[Dataset items]
= Beginning of Section =
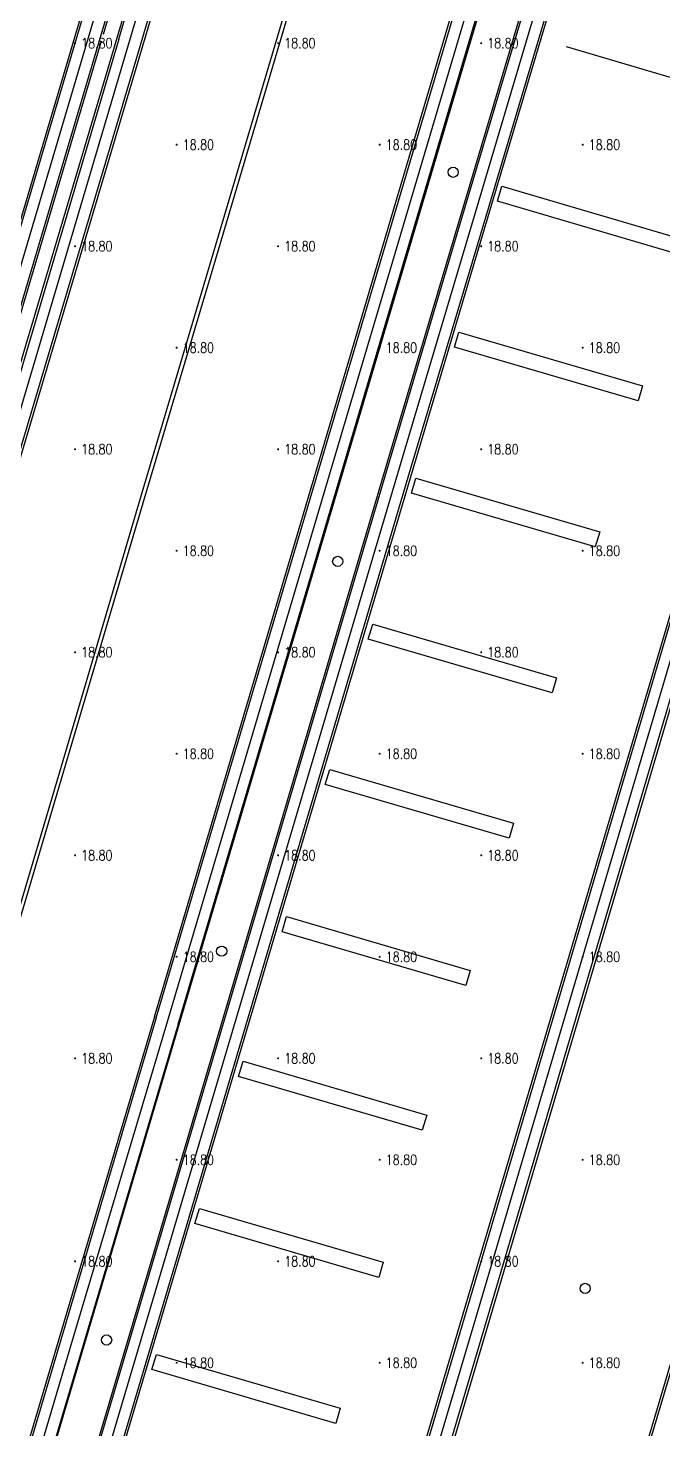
# Model space of a CAD drawing. Extents: x 404846 to 408477, y 3390929 to 3392894.
# Drawn here: x 405896.7 to 405959.3, y 3391987.9 to 3392125.9 of the extents above; entities that cross this region are included whole.
import ezdxf
from ezdxf.enums import TextEntityAlignment as Align

# ---------------------------------------------------------------- set-up
doc = ezdxf.new("R2010")
doc.units = 0
doc.header["$LTSCALE"] = 0.5
doc.layers.get('0').update_dxf_attribs({"linetype": 'CONTINUOUS'})
for name, color, linetype in [('3221', 6, 'CONTINUOUS'), ('FZTZ', 7, 'CONTINUOUS'), ('GCD', 1, 'CONTINUOUS'), ('GXYZ', 2, 'CONTINUOUS'), ('JMD', 6, 'CONTINUOUS'), ('SXSS', 5, 'CONTINUOUS'), ('ZBTZ', 3, 'CONTINUOUS')]:
    doc.layers.add(name, color=color, linetype=linetype)
doc.styles.add('HZ', font='rs.shx', dxfattribs={"width": 0.8, "bigfont": 'hztxt.shx'})
doc.linetypes.add('1161', pattern='A,0,[149,AAA.SHX,S=0.15,R=0,X=0,Y=0],-1.6', length=1.6)
doc.linetypes.add('444', pattern='A,4.5,[145,AAA.SHX,S=1,R=0,X=0,Y=1],4.5,-0.5,[146,AAA.SHX,S=1,R=0,X=0,Y=0],-0.5', length=10)

# ---------------------------------------------------------------- blocks, each defined once
blk = doc.blocks.new('GC200')
at = {"linetype": 'Continuous', "const_width": 0.2, "flags": 128}
blk.add_lwpolyline([(-0.1, 0, 1), (0.1, 0, 1)], format="xyb", close=True, dxfattribs=at)
blk = doc.blocks.new('gc188')
blk.add_circle((0, 0), 1)

msp = doc.modelspace()

# ---------------------------------------------------------------- linework, layer by layer
at = {"layer": '3221', "color": 6}
for points in [[(405812.06, 3391819.389, 18.742), (405824.646, 3391861.837, 19.077), (405833.059, 3391890.204, 18.908), (405848.63, 3391942.756, 19.147), (405863.416, 3391992.669, 18.859), (405883.655, 3392060.85, 18.859), (405902.681, 3392124.939, 19.255), (405913.812, 3392162.523, 19.067), (405916.975, 3392173.2, 18.935), (405887.252, 3392182.006, 18.935), (405884.088, 3392171.328, 19.067), (405872.96, 3392133.752, 19.255), (405853.937, 3392069.672, 18.859), (405833.698, 3392001.491, 18.859), (405818.907, 3391951.561, 19.147), (405803.336, 3391899.01, 18.908), (405794.925, 3391870.65, 19.077), (405782.339, 3391828.201, 18.742)], [(405815.869, 3391818.237, 18.754), (405823.12, 3391842.63, 18.876), (405829.335, 3391863.678, 19.052), (405836.903, 3391889.232, 18.718), (405871.136, 3392004.651, 18.83), (405880.742, 3392036.86, 18.858), (405920.749, 3392171.995, 18.895), (405950.473, 3392163.195, 18.895), (405910.467, 3392028.06, 18.858), (405900.843, 3391995.791, 18.83), (405866.624, 3391880.417, 18.718), (405859.062, 3391854.887, 19.052), (405852.843, 3391833.824, 18.876), (405845.585, 3391809.404, 18.754)], [(405956.729, 3392161.398, 18.927), (405941.127, 3392108.887, 18.738), (405933.382, 3392082.829, 18.777), (405910.571, 3392005.83, 18.647), (405901.442, 3391975.049, 18.79), (405894.062, 3391950.048, 18.764), (405883.561, 3391914.691, 18.764), (405862.385, 3391843.269, 18.779), (405851.78, 3391807.605, 18.92), (405881.47, 3391798.688, 18.775), (405892.099, 3391834.434, 18.593), (405913.28, 3391905.872, 18.605), (405923.779, 3391941.222, 18.764), (405931.169, 3391966.254, 18.79), (405940.292, 3391997.016, 18.647), (405963.105, 3392074.023, 18.777), (405970.842, 3392100.056, 18.738), (405986.445, 3392152.569, 18.927)]]:
    msp.add_polyline3d(points, close=True, dxfattribs=at)
at = {"layer": 'FZTZ', "linetype": 'Continuous', "flags": 128}
for points, elevation in [([(405943.401, 3392110.29), (405961.5, 3392104.991), (405961.065, 3392103.504), (405942.966, 3392108.803), (405943.401, 3392110.29)], 28.059), ([(405939.156, 3392095.917), (405957.255, 3392090.619), (405956.819, 3392089.132), (405938.721, 3392094.43), (405939.156, 3392095.917)], 28.017), ([(405934.936, 3392081.543), (405953.035, 3392076.244), (405952.599, 3392074.757), (405934.501, 3392080.056), (405934.936, 3392081.543)], 28.142), ([(405930.674, 3392067.156), (405948.772, 3392061.858), (405948.337, 3392060.371), (405930.238, 3392065.669), (405930.674, 3392067.156)], 28.217), ([(405926.438, 3392052.835), (405944.536, 3392047.536), (405944.101, 3392046.049), (405926.002, 3392051.348), (405926.438, 3392052.835)], 28.256), ([(405922.187, 3392038.333), (405940.285, 3392033.035), (405939.85, 3392031.548), (405921.751, 3392036.846), (405922.187, 3392038.333)], 28.256), ([(405917.898, 3392024.087), (405935.996, 3392018.789), (405935.561, 3392017.302), (405917.462, 3392022.6), (405917.898, 3392024.087)], 28.256), ([(405913.603, 3392009.578), (405931.702, 3392004.279), (405931.267, 3392002.792), (405913.168, 3392008.091), (405913.603, 3392009.578)], 28.256), ([(405909.367, 3391995.199), (405927.465, 3391989.9), (405927.03, 3391988.413), (405908.931, 3391993.712), (405909.367, 3391995.199)], 28.256)]:
    msp.add_lwpolyline(points, close=True, dxfattribs=dict(at, elevation=elevation))
at = {"layer": 'JMD', "linetype": '444', "elevation": 20.943, "flags": 128}
msp.add_lwpolyline([(405949.743, 3392124.042), (405962.946, 3392120.136)], dxfattribs=at)
at = {"layer": 'SXSS', "linetype": 'Continuous', "elevation": 18.955, "flags": 128}
for points in [[(405923.337, 3392131.02), (405923.084, 3392131.095), (405914.316, 3392101.493), (405907.932, 3392080.089), (405899.811, 3392052.569), (405890.244, 3392020.321)], [(405890.627, 3392020.207), (405900.194, 3392052.456), (405908.316, 3392079.975), (405914.7, 3392101.379), (405923.467, 3392130.981), (405923.337, 3392131.02)]]:
    msp.add_lwpolyline(points, dxfattribs=at)
at = {"layer": 'ZBTZ', "linetype": '1161', "flags": 128}
for points, elevation in [([(405904.141, 3392125.271), (405913.115, 3392155.665), (405918.773, 3392174.613), (405920.089, 3392174.22), (405914.432, 3392155.274), (405905.469, 3392124.878)], 19.105), ([(405882.585, 3392061.167), (405901.612, 3392125.256), (405912.742, 3392162.84), (405915.826, 3392173.249), (405917.954, 3392172.618), (405914.87, 3392162.21), (405903.74, 3392124.625), (405884.713, 3392060.535)], 19.03), ([(405905.664, 3392124.773), (405914.623, 3392155.216), (405919.647, 3392172.118), (405921.75, 3392171.492), (405916.727, 3392154.594), (405907.769, 3392124.154)], 19.105), ([(405911.501, 3392027.754), (405944.693, 3392139.873), (405951.393, 3392162.732), (405949.325, 3392163.339), (405942.716, 3392140.84)], 18.926), ([(405987.426, 3392154.296), (405988.256, 3392154.061), (405987.701, 3392152.195), (405972.098, 3392099.682), (405964.35, 3392073.654), (405941.575, 3391996.636), (405932.452, 3391965.874), (405925.063, 3391940.843), (405914.546, 3391905.496), (405893.36, 3391834.059), (405882.783, 3391798.487), (405881.182, 3391793.167), (405898.827, 3391787.909), (405900.434, 3391793.268), (405913.725, 3391838.099), (405921.753, 3391865.142), (405930.603, 3391894.954), (405936.421, 3391914.656), (405944.093, 3391940.61), (405952.31, 3391968.311), (405958.458, 3391989.014), (405962.656, 3392003.215), (405967.377, 3392019.116), (405970.826, 3392030.729), (405975.197, 3392045.549), (405981.264, 3392066.027), (405987.919, 3392088.321), (406005.319, 3392146.968), (406005.822, 3392148.818), (406006.771, 3392148.528)], 18.806), ([(405969.767, 3392100.375), (405962.03, 3392074.342), (405939.267, 3391997.32), (405930.144, 3391966.557), (405922.754, 3391941.525), (405912.255, 3391906.176), (405891.222, 3391835.239), (405880.549, 3391799.381), (405882.634, 3391798.761), (405893.174, 3391834.115), (405914.354, 3391905.553), (405924.853, 3391940.903), (405932.227, 3391965.941), (405941.349, 3391996.703), (405964.113, 3392073.724), (405971.89, 3392099.744), (405987.431, 3392152.048), (405985.347, 3392152.667), (405974.523, 3392116.24)], 18.738), ([(405909.347, 3392028.357), (405942.716, 3392140.84)], 18.873), ([(405969.567, 3392100.435), (405961.83, 3392074.402), (405939.016, 3391997.394), (405929.942, 3391966.617), (405922.562, 3391941.584), (405912.063, 3391906.233), (405890.985, 3391835.141), (405880.275, 3391799.233), (405878.67, 3391793.899), (405851.551, 3391801.953), (405853.117, 3391807.318), (405863.692, 3391842.881), (405884.793, 3391914.325), (405895.324, 3391949.676), (405902.704, 3391974.676), (405911.832, 3392005.456), (405934.662, 3392082.449), (405942.406, 3392108.507), (405951.666, 3392139.637), (405966.329, 3392135.276)], 18.776), ([(405882.416, 3392061.217), (405901.442, 3392125.306), (405904.865, 3392136.865)], 19.104), ([(405911.215, 3392135), (405908.004, 3392124.084)], 19.276), ([(405909.169, 3392028.456), (405938.371, 3392126.996)], 18.872), ([(405905.469, 3392124.878), (405893.696, 3392085.275), (405884.878, 3392055.411), (405879.452, 3392037.244)], 18.981), ([(405905.664, 3392124.773), (405893.935, 3392085.204), (405885.073, 3392055.366), (405879.685, 3392037.174)], 18.981), ([(405907.769, 3392124.154), (405896.012, 3392084.587), (405887.15, 3392054.75), (405881.769, 3392036.555)], 18.981), ([(405908.004, 3392124.084), (405896.247, 3392084.517), (405887.385, 3392054.68), (405881.999, 3392036.486)], 18.981), ([(405903.928, 3392124.57), (405884.9, 3392060.48)], 19.057), ([(405909.169, 3392028.456), (405899.607, 3391996.159)], 18.844), ([(405909.347, 3392028.357), (405899.803, 3391996.101)], 18.844), ([(405911.501, 3392027.754), (405901.952, 3391995.465)], 18.844), ([(405899.607, 3391996.159), (405865.391, 3391880.783)], 18.774), ([(405899.803, 3391996.101), (405865.588, 3391880.724)], 18.774), ([(405901.952, 3391995.465), (405867.728, 3391880.09)], 18.774)]:
    msp.add_lwpolyline(points, dxfattribs=dict(at, elevation=elevation))
for points, elevation in [([(405946.301, 3392144.807), (405952.27, 3392164.669), (405956.031, 3392163.586), (405939.874, 3392109.26), (405932.129, 3392083.201), (405909.39, 3392006.181), (405900.261, 3391975.399), (405892.881, 3391950.397), (405882.367, 3391915.045), (405861.227, 3391843.614), (405850.072, 3391806.101), (405846.312, 3391807.187), (405854.117, 3391833.447), (405860.336, 3391854.51), (405867.897, 3391880.04), (405867.898, 3391880.039), (405902.064, 3391995.432), (405911.613, 3392027.721), (405944.842, 3392139.829), (405946.301, 3392144.807)], 18.838), ([(405942.197, 3392108.569), (405957.725, 3392160.831), (405955.627, 3392161.454), (405940.04, 3392109.21), (405932.295, 3392083.151), (405909.527, 3392006.14), (405900.399, 3391975.358), (405893.016, 3391950.359), (405882.515, 3391915.001), (405861.375, 3391843.57), (405850.864, 3391808.222), (405852.966, 3391807.597), (405863.477, 3391842.945), (405884.574, 3391914.39), (405895.125, 3391949.735), (405902.505, 3391974.735), (405911.633, 3392005.515), (405934.444, 3392082.514), (405942.197, 3392108.569)], 18.787), ([(405981.508, 3392065.955), (405975.441, 3392045.477), (405971.071, 3392030.656), (405967.621, 3392019.043), (405962.9, 3392003.142), (405958.651, 3391988.957), (405952.504, 3391968.253), (405944.287, 3391940.552), (405936.615, 3391914.599), (405930.815, 3391894.891), (405921.964, 3391865.079), (405900.686, 3391793.405), (405902.771, 3391792.787), (405924.027, 3391864.468), (405932.877, 3391894.278), (405938.739, 3391913.969), (405946.39, 3391939.929), (405954.608, 3391967.629), (405960.755, 3391988.332), (405964.984, 3392002.525), (405969.705, 3392018.425), (405973.155, 3392030.04), (405977.525, 3392044.861), (405983.592, 3392065.337), (405990.259, 3392087.627), (406007.591, 3392146.048), (406005.468, 3392146.678), (405988.136, 3392088.256), (405981.508, 3392065.955)], 18.839)]:
    msp.add_lwpolyline(points, close=True, dxfattribs=dict(at, elevation=elevation))

# ---------------------------------------------------------------- block references
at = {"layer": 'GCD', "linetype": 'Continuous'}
= End of Section =
* **Task to carry out**
Would you show every line in the data above that contains the string "blocks"?

* **Written reply**
# ---------------------------------------------------------------- blocks, each defined once
blk = doc.blocks.new('GC200')
blk = doc.blocks.new('gc188')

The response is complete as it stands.